SUPPLIED ENTRIES |
- Opening Delimiter -
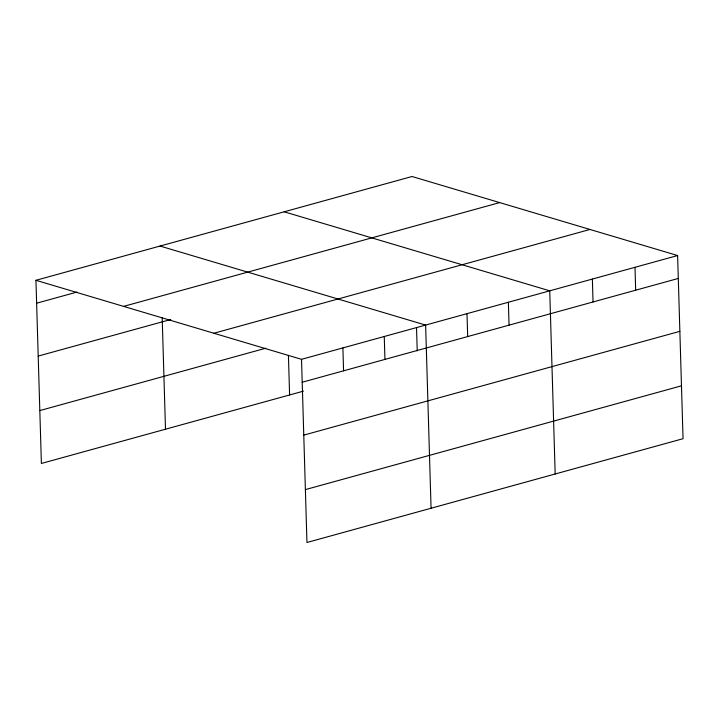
<?xml version="1.0" encoding="UTF-8"?>
<svg xmlns="http://www.w3.org/2000/svg" width="719" height="719" viewBox="0 0 719 719"><rect width="100%" height="100%" fill="white"/><g stroke="black" fill="none" stroke-linecap="round" stroke-linejoin="round"><path stroke-width="1.08" d="M35.95 280.302L412.041 176.506L677.613 255.542L683.05 438.698L306.959 542.494L301.522 359.329L35.95 280.302L41.387 463.458L303.463 391.136M36.633 303.202L76.942 292.076M123.587 306.384L499.678 202.587M38.197 356.085L170.798 319.497M213.885 333.248L589.975 229.46M39.815 410.576L265.76 348.221M301.522 359.329L677.613 255.542M302.196 382.238L678.296 278.442M303.769 435.121L679.859 331.333M305.386 489.612L681.477 385.815M284.176 211.799L549.738 290.827L555.176 473.992M160.058 246.051L425.63 325.078L431.067 508.243M634.994 267.306L635.668 290.206M592.366 279.071L593.049 301.971M508.369 302.25L509.052 325.15M466.999 313.664L467.683 336.573M416.535 327.72L417.218 350.854M384.261 336.501L384.944 359.401M342.891 347.915L343.565 370.824M288.427 355.294L289.604 394.956M162.179 317.43L165.496 429.207"/></g></svg>
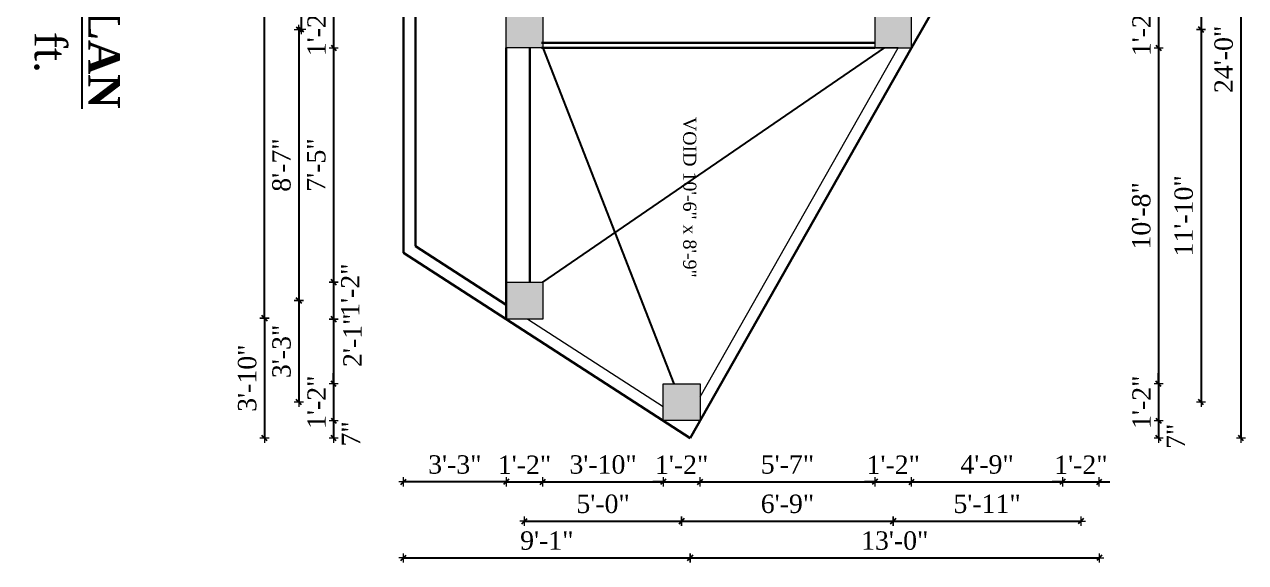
# Model space of a CAD drawing. Header units: inches. Extents: x 151827 to 346502, y -56182 to -23217.
# Drawn here: x 166377.8 to 166842.4, y -26155.6 to -25951.1 of the extents above; entities that cross this region are included whole.
import ezdxf

# ---------------------------------------------------------------- set-up
doc = ezdxf.new("R2010")
doc.units = ezdxf.units.IN
doc.header["$LTSCALE"] = 5
doc.header["$MEASUREMENT"] = 0
doc.layers.add('A-WALL', color=7, linetype='Continuous', lineweight=9)
doc.layers.add('Dimension', color=7, linetype='Continuous', lineweight=18)
doc.layers.add('dim line', color=7, linetype='Continuous', lineweight=15, true_color=0xfab2b2)
doc.layers.add('TEXT', color=6, linetype='Continuous')
doc.layers.add('WALL', color=7, linetype='Continuous')
doc.styles.add('ordinary', font='times.ttf')
doc.dimstyles.new('Copy of 96', dxfattribs={"dimtxt": 7, "dimasz": 4, "dimexe": 0.5, "dimexo": 0.5, "dimgap": 3, "dimtad": 1, "dimdec": 1, "dimzin": 11, "dimdsep": 46, "dimlunit": 4, "dimtxsty": 'ordinary', "dimblk": 'OBLIQUE', "dimcen": 0.09, "dimse1": 1, "dimse2": 1, "dimclrt": 6, "dimazin": 0, "dimtfac": 1, "dimtdec": 1, "dimtix": 1, "dimtmove": 2, "dimatfit": 3, "dimldrblk": 'leader', "dimfxl": 0.5, "dimfxlon": 1, "dimtolj": 1, "dimtzin": 0, "dimarcsym": 0})

# ---------------------------------------------------------------- blocks, each defined once
blk = doc.blocks.new('oblique')
at = {"color": 0, "lineweight": -2}
blk.add_line((0.25, 0.25), (-0.25, -0.25), dxfattribs=at)
at = {"layer": 'dim line', "lineweight": 9}
for p, q in [((-0.4375, 0), (0.4375, 0)), ((0, 0.4375), (0, -0.4375))]:
    blk.add_line(p, q, dxfattribs=at)
blk = doc.blocks.new('*D2590')
at = {"layer": 'A-WALL', "color": 0, "lineweight": -2, "ltscale": 5, "transparency": 16777216}
for p, q in [((166561.05, -26124.94), (166557.05, -26124.94)), ((166561.05, -26124.94), (166575.05, -26124.94)), ((166575.05, -26124.94), (166579.05, -26124.94))]:
    blk.add_line(p, q, dxfattribs=at)
at = {"layer": 'Defpoints', "color": 0, "ltscale": 5, "transparency": 16777216}
for p in [(166561.05, -26063.07), (166575.05, -26063.07), (166575.05, -26124.94)]:
    blk.add_point(p, dxfattribs=at)
at = {"layer": 'A-WALL', "color": 0, "lineweight": -2, "ltscale": 5, "transparency": 16777216, "xscale": 4, "yscale": 4, "zscale": 4}
blk.add_blockref('oblique', (166561.05, -26124.94), dxfattribs=at)
at = {"layer": 'A-WALL', "color": 0, "lineweight": -2, "ltscale": 5, "transparency": 16777216, "xscale": 4, "yscale": 4, "zscale": 4, "rotation": 180}
blk.add_blockref('oblique', (166575.05, -26124.94), dxfattribs=at)
at = {"layer": 'A-WALL', "color": 6, "ltscale": 5, "transparency": 16777216, "insert": (166568.05, -26118.44), "char_height": 7, "attachment_point": 5, "style": 'ordinary'}
blk.add_mtext('\\A1;1\'-2"', dxfattribs=at)
blk = doc.blocks.new('_OBLIQUE')
at = {"color": 0, "linetype": 'ByBlock'}
blk.add_line((-0.5, -0.5), (0.5, 0.5), dxfattribs=at)
blk = doc.blocks.new('leader')
at = {"layer": 'Dimension'}
for p, q in [((0, -4.33), (0, 4.33)), ((-4.42, 0), (4.42, 0))]:
    blk.add_line(p, q, dxfattribs=at)
blk = doc.blocks.new('*D2591')
at = {"layer": 'A-WALL', "color": 0, "lineweight": -2, "ltscale": 5, "transparency": 16777216}
blk.add_line((166575.05, -26124.94), (166620.83, -26124.94), dxfattribs=at)
at = {"layer": 'Defpoints', "color": 0, "ltscale": 5, "transparency": 16777216}
for p in [(166575.05, -26063.07), (166620.83, -26101.68), (166620.83, -26124.94)]:
    blk.add_point(p, dxfattribs=at)
at = {"layer": 'A-WALL', "color": 0, "lineweight": -2, "ltscale": 5, "transparency": 16777216, "xscale": 4, "yscale": 4, "zscale": 4, "rotation": 180}
blk.add_blockref('oblique', (166575.05, -26124.94), dxfattribs=at)
at = {"layer": 'A-WALL', "color": 0, "lineweight": -2, "ltscale": 5, "transparency": 16777216, "xscale": 4, "yscale": 4, "zscale": 4}
blk.add_blockref('oblique', (166620.83, -26124.94), dxfattribs=at)
at = {"layer": 'A-WALL', "color": 6, "ltscale": 5, "transparency": 16777216, "insert": (166597.94, -26118.38), "char_height": 7, "attachment_point": 5, "style": 'ordinary'}
blk.add_mtext('\\A1;3\'-10"', dxfattribs=at)
blk = doc.blocks.new('*D2592')
at = {"layer": 'A-WALL', "color": 0, "lineweight": -2, "ltscale": 5, "transparency": 16777216}
for p, q in [((166620.83, -26124.94), (166616.83, -26124.94)), ((166620.83, -26124.94), (166634.83, -26124.94)), ((166634.83, -26124.94), (166638.83, -26124.94))]:
    blk.add_line(p, q, dxfattribs=at)
at = {"layer": 'Defpoints', "color": 0, "ltscale": 5, "transparency": 16777216}
for p in [(166620.83, -26101.68), (166634.83, -26101.68), (166634.83, -26124.94)]:
    blk.add_point(p, dxfattribs=at)
at = {"layer": 'A-WALL', "color": 0, "lineweight": -2, "ltscale": 5, "transparency": 16777216, "xscale": 4, "yscale": 4, "zscale": 4}
blk.add_blockref('oblique', (166620.83, -26124.94), dxfattribs=at)
at = {"layer": 'A-WALL', "color": 0, "lineweight": -2, "ltscale": 5, "transparency": 16777216, "xscale": 4, "yscale": 4, "zscale": 4, "rotation": 180}
blk.add_blockref('oblique', (166634.83, -26124.94), dxfattribs=at)
at = {"layer": 'A-WALL', "color": 6, "ltscale": 5, "transparency": 16777216, "insert": (166627.83, -26118.44), "char_height": 7, "attachment_point": 5, "style": 'ordinary'}
blk.add_mtext('\\A1;1\'-2"', dxfattribs=at)
blk = doc.blocks.new('*D2593')
at = {"layer": 'A-WALL', "color": 0, "lineweight": -2, "ltscale": 5, "transparency": 16777216}
blk.add_line((166634.83, -26124.94), (166701.33, -26124.94), dxfattribs=at)
at = {"layer": 'Defpoints', "color": 0, "ltscale": 5, "transparency": 16777216}
for p in [(166701.33, -25960.06), (166634.83, -26101.68), (166701.33, -26124.94)]:
    blk.add_point(p, dxfattribs=at)
at = {"layer": 'A-WALL', "color": 0, "lineweight": -2, "ltscale": 5, "transparency": 16777216, "xscale": 4, "yscale": 4, "zscale": 4, "rotation": 180}
blk.add_blockref('oblique', (166634.83, -26124.94), dxfattribs=at)
at = {"layer": 'A-WALL', "color": 0, "lineweight": -2, "ltscale": 5, "transparency": 16777216, "xscale": 4, "yscale": 4, "zscale": 4}
blk.add_blockref('oblique', (166701.33, -26124.94), dxfattribs=at)
at = {"layer": 'A-WALL', "color": 6, "ltscale": 5, "transparency": 16777216, "insert": (166668.08, -26118.37), "char_height": 7, "attachment_point": 5, "style": 'ordinary'}
blk.add_mtext('\\A1;5\'-7"', dxfattribs=at)
blk = doc.blocks.new('*D2594')
at = {"layer": 'A-WALL', "color": 0, "lineweight": -2, "ltscale": 5, "transparency": 16777216}
for p, q in [((166701.33, -26124.94), (166697.33, -26124.94)), ((166701.33, -26124.94), (166715.33, -26124.94)), ((166715.33, -26124.94), (166719.33, -26124.94))]:
    blk.add_line(p, q, dxfattribs=at)
at = {"layer": 'Defpoints', "color": 0, "ltscale": 5, "transparency": 16777216}
for p in [(166701.33, -25960.06), (166715.33, -25960.06), (166715.33, -26124.94)]:
    blk.add_point(p, dxfattribs=at)
at = {"layer": 'A-WALL', "color": 0, "lineweight": -2, "ltscale": 5, "transparency": 16777216, "xscale": 4, "yscale": 4, "zscale": 4}
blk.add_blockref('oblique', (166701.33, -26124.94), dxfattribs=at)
- Closing Delimiter -
ABOUT THIS TASK | Copy out, word for word, the part of the entries above that begins at the line with "linetype='Continuous', lineweight=15, true_color=0xfab2b2)" and ends at the line with "blk = doc.blocks.new('*D2590')", including both.

ANSWER BOX |
doc.layers.add('dim line', color=7, linetype='Continuous', lineweight=15, true_color=0xfab2b2)
doc.layers.add('TEXT', color=6, linetype='Continuous')
doc.layers.add('WALL', color=7, linetype='Continuous')
doc.styles.add('ordinary', font='times.ttf')
doc.dimstyles.new('Copy of 96', dxfattribs={"dimtxt": 7, "dimasz": 4, "dimexe": 0.5, "dimexo": 0.5, "dimgap": 3, "dimtad": 1, "dimdec": 1, "dimzin": 11, "dimdsep": 46, "dimlunit": 4, "dimtxsty": 'ordinary', "dimblk": 'OBLIQUE', "dimcen": 0.09, "dimse1": 1, "dimse2": 1, "dimclrt": 6, "dimazin": 0, "dimtfac": 1, "dimtdec": 1, "dimtix": 1, "dimtmove": 2, "dimatfit": 3, "dimldrblk": 'leader', "dimfxl": 0.5, "dimfxlon": 1, "dimtolj": 1, "dimtzin": 0, "dimarcsym": 0})

# ---------------------------------------------------------------- blocks, each defined once
blk = doc.blocks.new('oblique')
at = {"color": 0, "lineweight": -2}
blk.add_line((0.25, 0.25), (-0.25, -0.25), dxfattribs=at)
at = {"layer": 'dim line', "lineweight": 9}
for p, q in [((-0.4375, 0), (0.4375, 0)), ((0, 0.4375), (0, -0.4375))]:
    blk.add_line(p, q, dxfattribs=at)
blk = doc.blocks.new('*D2590')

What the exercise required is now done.